It's hard to explain. This whole thing with Tycho and early intervention has done a number on me, but not in the way you might expect.
I'm not sad about him being behind. I mean I am, but not in a way that keeps me up at night. It is what it is and he is who he is and I'm okay with it and I have been okay with it for quite a while now. And even though parenting him might be harder than parenting the average two-year-old because of the difficulties in communication, that is frustrating, yes, but it doesn't weigh on me.

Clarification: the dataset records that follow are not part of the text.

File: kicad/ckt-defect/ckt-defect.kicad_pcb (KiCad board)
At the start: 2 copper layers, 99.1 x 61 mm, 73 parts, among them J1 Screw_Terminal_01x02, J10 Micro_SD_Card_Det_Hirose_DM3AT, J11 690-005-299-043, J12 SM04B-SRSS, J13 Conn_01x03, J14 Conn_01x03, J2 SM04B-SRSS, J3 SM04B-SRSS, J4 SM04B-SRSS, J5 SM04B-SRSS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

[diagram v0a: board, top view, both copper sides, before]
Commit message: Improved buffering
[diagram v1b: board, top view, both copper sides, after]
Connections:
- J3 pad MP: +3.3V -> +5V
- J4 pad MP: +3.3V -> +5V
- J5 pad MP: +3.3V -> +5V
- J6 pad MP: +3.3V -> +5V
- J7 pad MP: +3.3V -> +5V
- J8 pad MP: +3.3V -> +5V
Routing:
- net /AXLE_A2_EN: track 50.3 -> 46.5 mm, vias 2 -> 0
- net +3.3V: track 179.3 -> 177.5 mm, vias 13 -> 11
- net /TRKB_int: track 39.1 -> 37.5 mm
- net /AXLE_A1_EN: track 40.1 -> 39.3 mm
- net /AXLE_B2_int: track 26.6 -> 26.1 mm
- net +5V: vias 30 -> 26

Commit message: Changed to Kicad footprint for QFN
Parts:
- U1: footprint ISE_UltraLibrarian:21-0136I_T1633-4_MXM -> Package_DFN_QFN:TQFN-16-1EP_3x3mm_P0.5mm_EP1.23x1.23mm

Early intervention itself is scary, though. A whole world of unknown that I never imagined I would need to navigate. We never pictured ourselves as parents to a special needs child. I still don't really think of Tycho that way anyway, but I guess right now he kind of is, as his needs are greater than average right now. Looming over us is the enormity of the responsibility of being his advocate through all of this. Of making sure his is getting the extra he requires in a world that he won't automatically fit into.
Who knows, really, at this point if this is temporary or if its something larger that will last us into his school years. But my one great hope here is that this delay is just a delay and not something bigger and that in a year or three you'd never know the difference and that we won't be dealing with IEPs in high school.
Whatever it is, is of course fine. He is my son and nothing in the world can change that. But I feel so unprepared to be the kind of parent he needs right now, that he might need in the future. I knew that being a mother wasn't going to be easy, but I didn't know it was going to be this hard.
*and then he interrupts my 1am blogpost with a faint wail of "mama" and when I go into check on him he wordlessly hands me his blanket and crawls back into bed so I can tuck him in again and this is all too much and I cry.